TJ nodded. “We have to keep appearances.”

“I see,” I said as I rubbed sunscreen on my nose and cheeks. “So this is just for Luka’s sake.”

He raised an eyebrow and I knew Luka was just our cover. TJ was taking me on an honest-to-god date.

“Where are we going?”

He shook his head. “You’ll find out when you’re finished with the sunscreen.”

I handed the tube back to him. “I’m done. Now it’s your turn.”

“I’m not worried about burning.”

How could someone so good at taking care of me be so bad at taking care of himself? I sighed dramatically. “Are you not worried about skin cancer?”

I shoved the tube toward him again while I tapped my sandal on the sidewalk.

He relented. “Anything to keep the lady happy.”

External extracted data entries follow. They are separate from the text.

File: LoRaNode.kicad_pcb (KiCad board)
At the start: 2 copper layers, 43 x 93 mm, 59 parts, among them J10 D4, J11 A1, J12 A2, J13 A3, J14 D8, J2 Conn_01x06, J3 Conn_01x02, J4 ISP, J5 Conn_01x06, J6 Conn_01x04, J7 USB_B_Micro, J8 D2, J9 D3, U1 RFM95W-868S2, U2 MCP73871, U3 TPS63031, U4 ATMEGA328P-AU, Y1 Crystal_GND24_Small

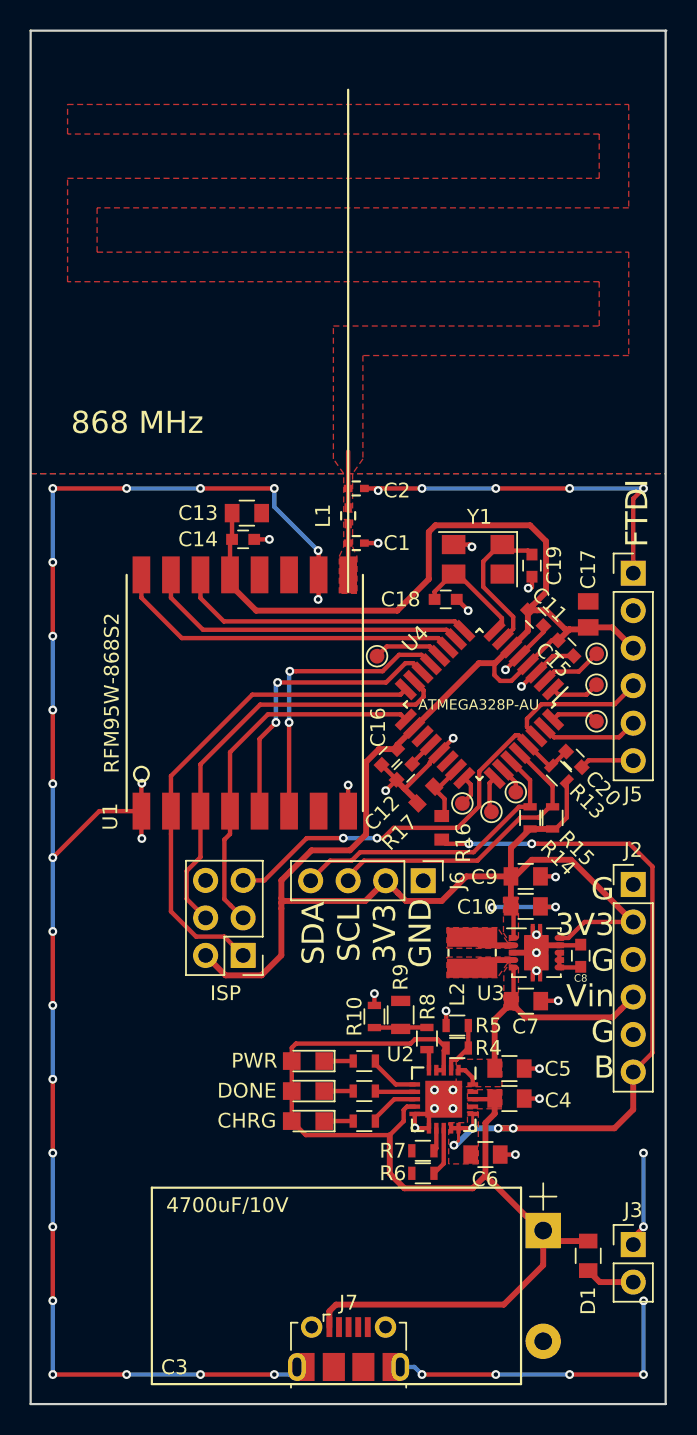
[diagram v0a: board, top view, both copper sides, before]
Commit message: Changed Antenna dimension, changed TPS63031 footprint
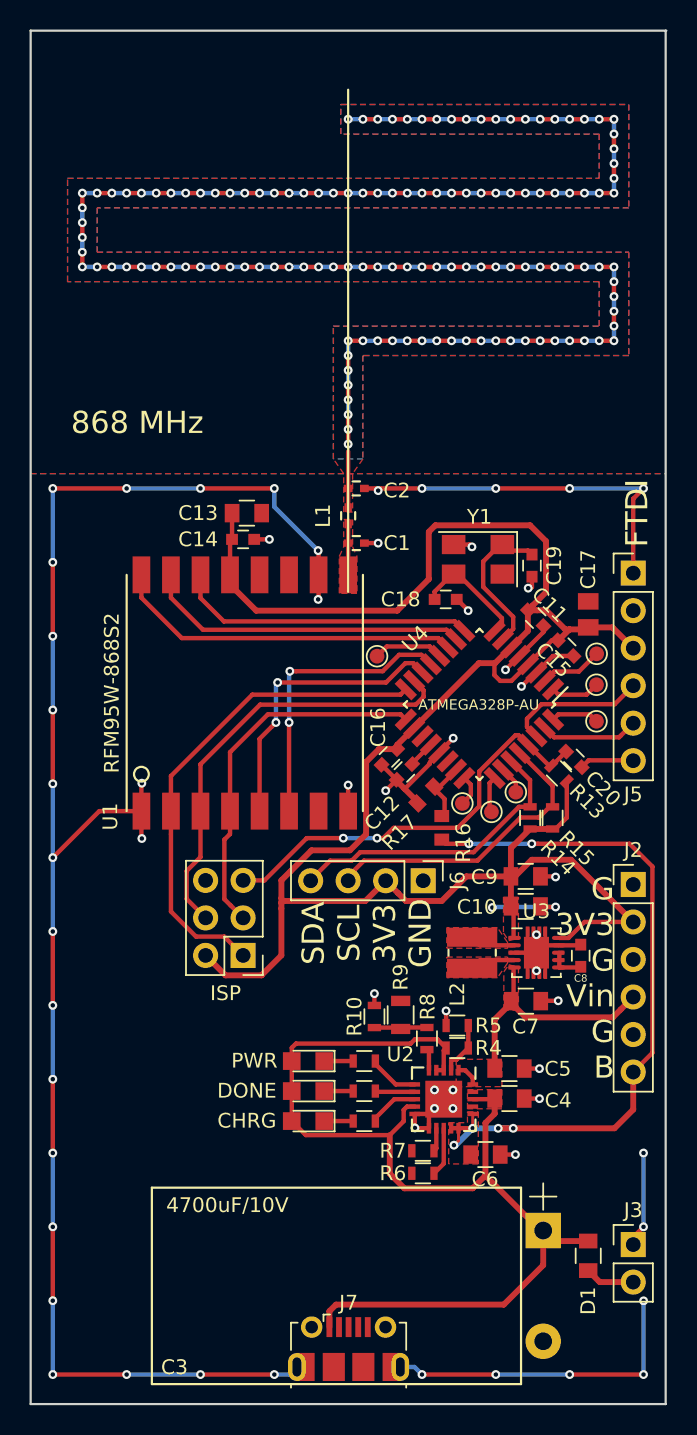
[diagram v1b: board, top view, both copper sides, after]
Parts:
- C1: value C -> 2p7
- C18, C19: value 15p -> 12p
- C2: value C -> dnp
- L1: value L -> 1n8
- R10: value 150k -> 69k8
- R13: value 4k7 -> 10k
- R16: value 220k -> 330k
- R8: value 1k -> 1k54
- U3: footprint Housings_SON:Texas_S-PVSON-N10 -> Package_SON:Texas_S-PWSON-N10
- Y1: value Crystal_GND24_Small -> 8MHz HC5032/4
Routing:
- net /ANT: track 3.81 -> 133.8 mm, vias 0 -> 131
- net Earth: track 213.5 -> 212.7 mm, vias 62 -> 61
- added copper zone on B.Cu, net /ANT

I thought about the public sex fantasy that wouldn’t stop playing in my head. “Hmm. That remains to be seen.”

* * *

TJ

Ashlee had toldLuka we were going to special local places, off the beaten, touristy track. I meant to make an honest woman of her, at least in that respect. We walked along the downtown streets, wandering in and out of some of the city’s hundreds of triangle parks, small green spaces full of trees and shrubs and flowers. Our date was like one of those tiny parks, a hidden treasure, a small capsule of time tucked amongst the frenetic tempo of HEAT ops and Carbonados threats.

We stopped at a street vendor for ice cream cones, then walked to the Southwest Duck Pond and sat on a bench in the shade. We watched a handful of kids feed the ducks as we talked about everything and nothing.

“Tell me something about your childhood,” I said. “A happy memory.”

The skin around her eyes crinkled when she smiled. “There were so many, it’s hard to choose. There was a pond something like this a couple of blocks from my house. I remember carrying the heels of bread loaves there on Saturday mornings, my sister and I holding hands the whole way, with our parents several steps behind us. Every couple of yards, one of us would glance back over our shoulders to make sure they were still there. They always were.

“When it was too cold or raining, we’d go to the children’s library. We were so small and the stacks were so high, and we would pretend we were princesses and our castle was completely made of books.”

“God, I bet you were adorable.”

“Of course I was.” She sneaked a bite of my peanut butter cup ice cream cone, which had started out as hers. “And of course, we spent hours on end in my mother’s kitchens. The professional ones. She or one of her sous chefs would set us up at a small table with pencils and crayons and library books. Sometimes Emily and I would write stories—well, mostly I would write them and force her to help act them out. And in the background, there was the hustle and bustle of the kitchen. I always thought it was the safest sound in the world, until...”

“Until what?”

She hooked her pinky with mine and peered up at me with her big, blue eyes. “Until I heard your voice over that comms unit telling me I was safe, that everything would be all right.”

I pulled her hand the rest of the way into mine. “It wasn’t totally true, though. Everything wasn’t all right. Aiden—”

“I know, but that doesn’t change how safe you made me feel. Now it’s your turn. Happy memories. Childhood. Go.”

“Mine was like yours, generally happy. Lots of great times with my parents and my brother. Hmm. It’s hard to pick. We were world-class sledders. There was a really steep dead-end street in our neighborhood, and by about the third day after a big storm and all the kids sledding there, the whole thing would turn into a big sheet of ice. And almost no one was brave enough to go down it then.”

“Almost no one? So you and your brother did.”